I had a teachers' college instructor who had a theory of education somewhat like you talked about in your post, purex. She said that if the students fail to learn, then that means that the teacher fails to teach. Her idea was that the student was not the one who failed, but it was the teacher who failed.
I think that can be taken too far one way or another. My brother-in-law's mother was a school teacher, and she said that some students could not or would not learn. She put all the responsibility of failure on the student, and none on the teacher. When I was little, like 1st or 2nd grade I failed to learn to play the piano. I wanted to play, but I didn't have the motivation to learn to play. I couldn't see the rewards of learning, and no one helped me to see them. Playing outside, to me, seemed more rewarding than routinely practicing a piece of music so that I could impress my piano teacher with how well I had learned it that week. I didn't care what she thought about how I had learned that piece of music, and that frustrated her, and it also upset my parents to the point of limited my piano lessons. After at least 3 attempts to learn after becoming an adult, I can now play hymns/church songs fairly well, and I am still improving. My last attempt was when I was 61 years old, and I decided that I was going to keep at it until I could play the piano, and I am still working on it, but now it is more pleasure than pain, and more interesting than druggery, and once a person accomplishes the skill then it is really rewarding.

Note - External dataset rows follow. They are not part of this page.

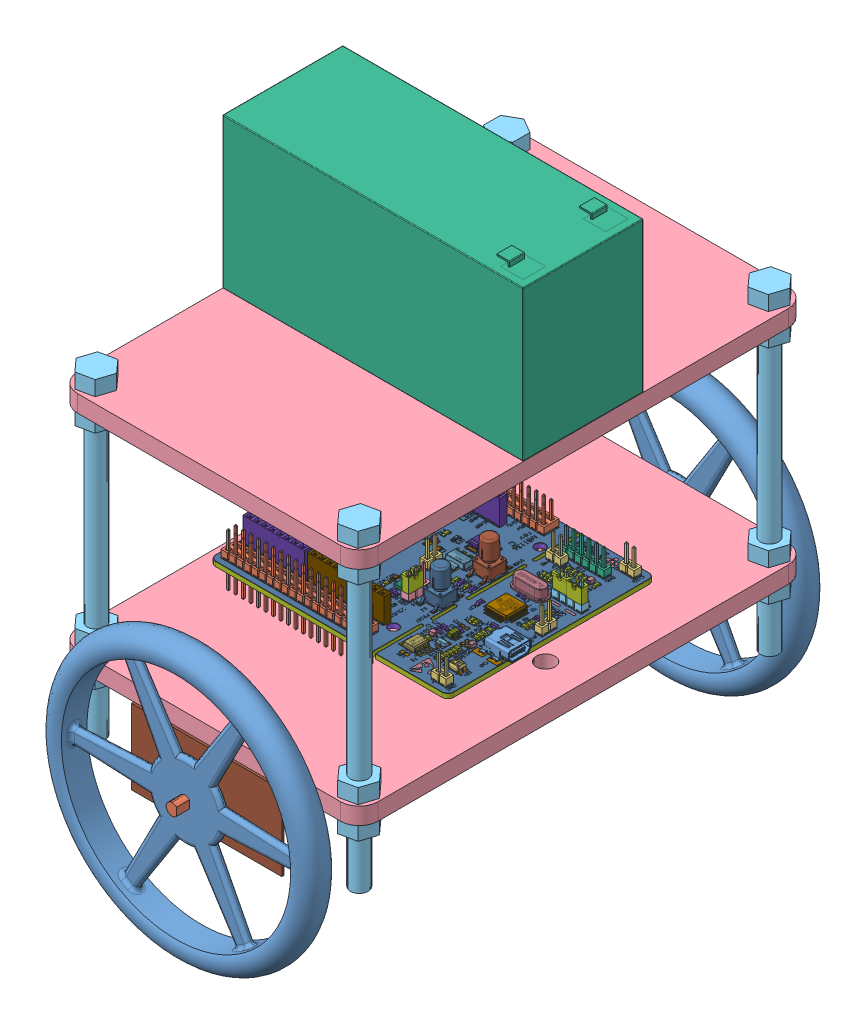
SolidWorks assembly Full Assembly, configuration Default. Lengths in mm.
Overall size (105.56 192.1 176.44).
135 component instances, 47 part files, 38 mates.
Components (placement in the parent):
- Wheel-1: Wheel [Default] at (0 0 82.55) size (92.5 92.5 10)
- Wheel-2: Wheel [Default] at (0 0 -82.55) size (92.5 92.5 10)
- Motor-1: Motor [Default] at (0 30.875 57.3449) x (0 -1 0) z (0 0 1) size (25 32.85 74)
- Motor-2: Motor [Default] at (0 -30.875 -57.3449) x (0 1 0) z (0 0 -1) size (25 32.85 74)
- Adafruit_BNO055-1: Adafruit_BNO055 [Default] at (13.335 12.5 10.16) x (-1 0 0) z (0 0 1) size (26.67 4.2 20.32)
- Acrylic Base-1: Acrylic Base [Default] at (0 30.05 0) size (101.6 5.71 151.44)
- Acrylic Base-2: Acrylic Base [Default] at (0 105.1025 0) size (101.6 5.71 151.44)
- Bolt Nut Assy-1: Bolt Nut Assy [Default] at origin size (15.16 108 15.27)
  - Bolt Nut-1: Bolt Nut [Bolt] at (44.45 98.2676 69.3699) x (-0.669131 0 -0.743145) z (-0.743145 0 0.669131) size (11.55 108 10)
  - Bolt Nut-2: Bolt Nut [Nut] at (44.45 87.5526 69.3699) x (-0.669131 0 -0.743145) z (-0.743145 0 0.669131) size (11.55 5 10)
  - Bolt Nut-3: Bolt Nut [Nut] at (44.45 23.215 69.3699) x (-0.669131 0 -0.743145) z (-0.743145 0 0.669131) size (11.55 5 10)
  - Bolt Nut-4: Bolt Nut [Nut] at (44.45 12.5 69.3699) x (-0.669131 0 -0.743145) z (-0.743145 0 0.669131) size (11.55 5 10)
- Bolt Nut Assy-3: Bolt Nut Assy [Default] at (0 0 -138.7397) size (15.16 108 15.27)
  - Bolt Nut-1: Bolt Nut [Bolt] at (44.45 98.2676 69.3699) x (-0.669131 0 -0.743145) z (-0.743145 0 0.669131) size (11.55 108 10)
  - Bolt Nut-2: Bolt Nut [Nut] at (44.45 87.5526 69.3699) x (-0.669131 0 -0.743145) z (-0.743145 0 0.669131) size (11.55 5 10)
  - Bolt Nut-3: Bolt Nut [Nut] at (44.45 23.215 69.3699) x (-0.669131 0 -0.743145) z (-0.743145 0 0.669131) size (11.55 5 10)
  - Bolt Nut-4: Bolt Nut [Nut] at (44.45 12.5 69.3699) x (-0.669131 0 -0.743145) z (-0.743145 0 0.669131) size (11.55 5 10)
- Bolt Nut Assy-4: Bolt Nut Assy [Default] at (-121.7282 0 -40.8031) x (0.214105 0 -0.976811) z (0.976811 0 0.214105) size (15.16 108 15.27)
  - Bolt Nut-1: Bolt Nut [Bolt] at (44.45 98.2676 69.3699) x (-0.669131 0 -0.743145) z (-0.743145 0 0.669131) size (11.55 108 10)
  - Bolt Nut-2: Bolt Nut [Nut] at (44.45 87.5526 69.3699) x (-0.669131 0 -0.743145) z (-0.743145 0 0.669131) size (11.55 5 10)
  - Bolt Nut-3: Bolt Nut [Nut] at (44.45 23.215 69.3699) x (-0.669131 0 -0.743145) z (-0.743145 0 0.669131) size (11.55 5 10)
  - Bolt Nut-4: Bolt Nut [Nut] at (44.45 12.5 69.3699) x (-0.669131 0 -0.743145) z (-0.743145 0 0.669131) size (11.55 5 10)
- Bolt Nut Assy-5: Bolt Nut Assy [Default] at (-88.9 0 0) size (15.16 108 15.27)
  - Bolt Nut-1: Bolt Nut [Bolt] at (44.45 98.2676 69.3699) x (-0.669131 0 -0.743145) z (-0.743145 0 0.669131) size (11.55 108 10)
  - Bolt Nut-2: Bolt Nut [Nut] at (44.45 87.5526 69.3699) x (-0.669131 0 -0.743145) z (-0.743145 0 0.669131) size (11.55 5 10)
  - Bolt Nut-3: Bolt Nut [Nut] at (44.45 23.215 69.3699) x (-0.669131 0 -0.743145) z (-0.743145 0 0.669131) size (11.55 5 10)
  - Bolt Nut-4: Bolt Nut [Nut] at (44.45 12.5 69.3699) x (-0.669131 0 -0.743145) z (-0.743145 0 0.669131) size (11.55 5 10)
- Placeholder board-1: Placeholder board [Default] at (0 93.2676 0) size (101.6 52.58 40.64)
- NUCLEO-F411RE.STEP-2: NUCLEO-F411RE.STEP [Default] at (-38.75 27.173 10.1096) x (0 0 1) z (0 1 0) size (70 83.97 20.27)
  - NUCLEO-F411RE_PCB_Varsay_lan.STEP-1: NUCLEO-F411RE_PCB_Varsay_lan.STEP [Default] at origin size (70 82.5 1.5)
  - NUCLEO-F411RE_PCB_HOLEs_Varsay_lan.STEP-1: NUCLEO-F411RE_PCB_HOLEs_Varsay_lan.STEP [Default] at origin size (65.28 79.87 1.57)
  - NUCLEO-F411RE_PCB_TOP_Pads_Varsay_lan.STEP-1: NUCLEO-F411RE_PCB_TOP_Pads_Varsay_lan.STEP [Default] at origin size (59.94 77.1 0.04)
  - NUCLEO-F411RE_PCB_TOP_Solder_Varsay_lan.STEP-1: NUCLEO-F411RE_PCB_TOP_Solder_Varsay_lan.STEP [Default] at origin size (69.8 82.3 0.05)
  - NUCLEO-F411RE_PCB_BOTTOM_Pads_Varsay_lan.STEP-1: NUCLEO-F411RE_PCB_BOTTOM_Pads_Varsay_lan.STEP [Default] at origin size (31.1 70.87 0.04)
  - NUCLEO-F411RE_PCB_BOTTOM_Solder_Varsay_lan.STEP-1: NUCLEO-F411RE_PCB_BOTTOM_Solder_Varsay_lan.STEP [Default] at origin size (69.8 82.3 0.04)
  - NUCLEO-F411RE_PCB_TOP_Overlay_Varsay_lan.STEP-1: NUCLEO-F411RE_PCB_TOP_Overlay_Varsay_lan.STEP [Default] at origin size (68.09 77.67 0)
  - NUCLEO-F411RE_PCB_TOP_Designators_Varsay_lan.STEP-1: NUCLEO-F411RE_PCB_TOP_Designators_Varsay_lan.STEP [Default] at origin size (66.29 79.64 0)
  - NUCLEO-F411RE_PCB_BOTTOM_Overlay_Varsay_lan.STEP-1: NUCLEO-F411RE_PCB_BOTTOM_Overlay_Varsay_lan.STEP [Default] at origin size (40.11 80.77 0)
  - SAMTEC_SSQ-106-01-G-S_for_NUCLEO_Varsay_lan.STEP-1: SAMTEC_SSQ-106-01-G-S_for_NUCLEO_Varsay_lan.STEP [Default] at (-33.02 8.89 0.785) x (0 1 0) z (1 0 0) size (15.75 11.15 2.41)
  - SAMTEC_SSQ-108-01-G-S_for_NUCLEO_Varsay_lan.STEP-1: SAMTEC_SSQ-108-01-G-S_for_NUCLEO_Varsay_lan.STEP [Default] at (-33.02 29.21 0.785) x (0 1 0) z (1 0 0) size (20.83 11.15 2.41)
  - SAMTEC_SSQ-108-01-G-S_for_NUCLEO_Varsay_lan.STEP-2: SAMTEC_SSQ-108-01-G-S_for_NUCLEO_Varsay_lan.STEP [Default] at (15.24 11.43 0.785) x (0 1 0) z (1 0 0) size (20.83 11.15 2.41)
  - SAMTEC_SSQ-110-01-G-S_for_NUCLEO_Varsay_lan.STEP-1: SAMTEC_SSQ-110-01-G-S_for_NUCLEO_Varsay_lan.STEP [Default] at (15.24 35.814 0.785) x (0 1 0) z (1 0 0) size (25.91 11.15 2.41)
  - MOLEX_0678038020_for_NUCLEO.STEP-1: MOLEX_0678038020_for_NUCLEO.STEP [Default] at (3.1721 75.2975 0.785) x (-1 0 0) z (0 1 0) size (9.9 4.95 9)
  - SAMTEC_TSW-119-07-T-D_for_NUCLEO_Varsay_lan.STEP-1: SAMTEC_TSW-119-07-T-D_for_NUCLEO_Varsay_lan.STEP [Default] at (-39.37 25.4 0.785) x (0 -1 0) z (-1 0 0) size (48.26 17.95 5.08)
  - SAMTEC_TSW-119-07-T-D_for_NUCLEO_Varsay_lan.STEP-2: SAMTEC_TSW-119-07-T-D_for_NUCLEO_Varsay_lan.STEP [Default] at (21.59 25.4 0.785) x (0 -1 0) z (-1 0 0) size (48.26 17.95 5.08)
  - SAMTEC_TSW-102-07-T-S_for_NUCLEO_Varsay_lan.STEP-1: SAMTEC_TSW-102-07-T-S_for_NUCLEO_Varsay_lan.STEP [Default] at (-40.64 74.93 0.785) x (0 1 0) z (1 0 0) size (5.08 10.92 2.54)
  - SAMTEC_TSW-102-07-T-S_for_NUCLEO_Varsay_lan.STEP-2: SAMTEC_TSW-102-07-T-S_for_NUCLEO_Varsay_lan.STEP [Default] at (-31.75 59.055 0.785) x (0 -1 0) z (-1 0 0) size (5.08 10.92 2.54)
  - SAMTEC_TSW-102-07-T-S_for_NUCLEO_Varsay_lan.STEP-3: SAMTEC_TSW-102-07-T-S_for_NUCLEO_Varsay_lan.STEP [Default] at (-9.525 77.47 0.785) x (1 0 0) z (0 -1 0) size (5.08 10.92 2.54)
  - SAMTEC_TSW-102-07-T-S_for_NUCLEO_Varsay_lan.STEP-4: SAMTEC_TSW-102-07-T-S_for_NUCLEO_Varsay_lan.STEP [Default] at (-9.525 38.735 0.785) x (1 0 0) z (0 -1 0) size (5.08 10.92 2.54)
  - SAMTEC_TSW-102-07-T-S_for_NUCLEO_Varsay_lan.STEP-5: SAMTEC_TSW-102-07-T-S_for_NUCLEO_Varsay_lan.STEP [Default] at (22.86 74.93 0.785) x (0 -1 0) z (-1 0 0) size (5.08 10.92 2.54)
  - SAMTEC_TSW-103-07-T-S_for_NUCLEO_Varsay_lan.STEP-1: SAMTEC_TSW-103-07-T-S_for_NUCLEO_Varsay_lan.STEP [Default] at (1.905 45.085 0.785) x (1 0 0) z (0 -1 0) size (7.62 10.92 2.54)
  - SAMTEC_TSW-104-07-T-S_for_NUCLEO_Varsay_lan.STEP-1: SAMTEC_TSW-104-07-T-S_for_NUCLEO_Varsay_lan.STEP [Default] at (-21.59 73.66 0.785) x (0 1 0) z (1 0 0) size (10.16 10.92 2.54)
  - SAMTEC_TSW-106-07-T-S_for_NUCLEO_Varsay_lan.STEP-1: SAMTEC_TSW-106-07-T-S_for_NUCLEO_Varsay_lan.STEP [Default] at (-35.56 64.77 0.785) x (0 1 0) z (1 0 0) size (15.24 10.92 2.54)
  - MOLEX_90059-0007.STEP-1: MOLEX_90059-0007.STEP [Default] at (-21.59 76.2 5.75) x (0 1 0) z (1 0 0) size (5.1 4.85 2.54)
  - MOLEX_90059-0007.STEP-2: MOLEX_90059-0007.STEP [Default] at (-21.59 71.12 5.75) x (0 -1 0) z (-1 0 0) size (5.1 4.85 2.54)
  - ST_STM32F411RET6_Varsay_lan.STEP-1: ST_STM32F411RET6_Varsay_lan.STEP [Default] at (-11.4265 21.5935 0.785) x (-1 0 0) z (0 0 -1) size (12 12 1.6)
  - ST_STM32F103CBT6_Varsay_lan.STEP-1: ST_STM32F103CBT6_Varsay_lan.STEP [Default] at (-8.89 64.77 0.785) x (1 0 0) z (0 -1 0) size (9 1.6 9)
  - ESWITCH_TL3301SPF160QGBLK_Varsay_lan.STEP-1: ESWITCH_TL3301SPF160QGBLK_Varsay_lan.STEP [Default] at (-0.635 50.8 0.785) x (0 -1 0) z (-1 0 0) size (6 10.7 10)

School was the same for me. I thought the only purpose in school was to enjoy recesses, lunches, and physical education times. All the other subjects I just barely passed and some times I didn't even pass, but they passed me along anyway, so I was graduating from one grade to the next without learning much. My teacher wanted to hold me back in the 5th grade, and my parents wouldn't let her do that. My eighth grade teacher took me in another room with a teacher from next door, so he wouldn't get sued, and he beat me with a 2 by 4 because he didn't think I was putting enough efforts into my studies. I tried to learn in high school, but I had enough work taking care of cows and horses that I didn't have time for my studies, so I was never able to get on the honor roll. In Bible College I worked as hard as I could, but I didn't do well as I was not a good reader, and we had such a heavy load of subjects that skillful reading was a must. Being out of school for many years, reading for my pleasure, reading and studying for sermons and Sunday school lessons gave me the reading skills I needed to do well in school. I attended teacher's college then, and since then I have taken many college and university classes, including classes for a Special Education Endorsement on my teaching certificate. I take 15 credit hours of college course work every 5 years to maintain my teaching certificate. In all but 2 classes since I have gotten top scores. I love to write papers and do projects, but I hate tests. I do well on the tests, but I hate the stress they put me through.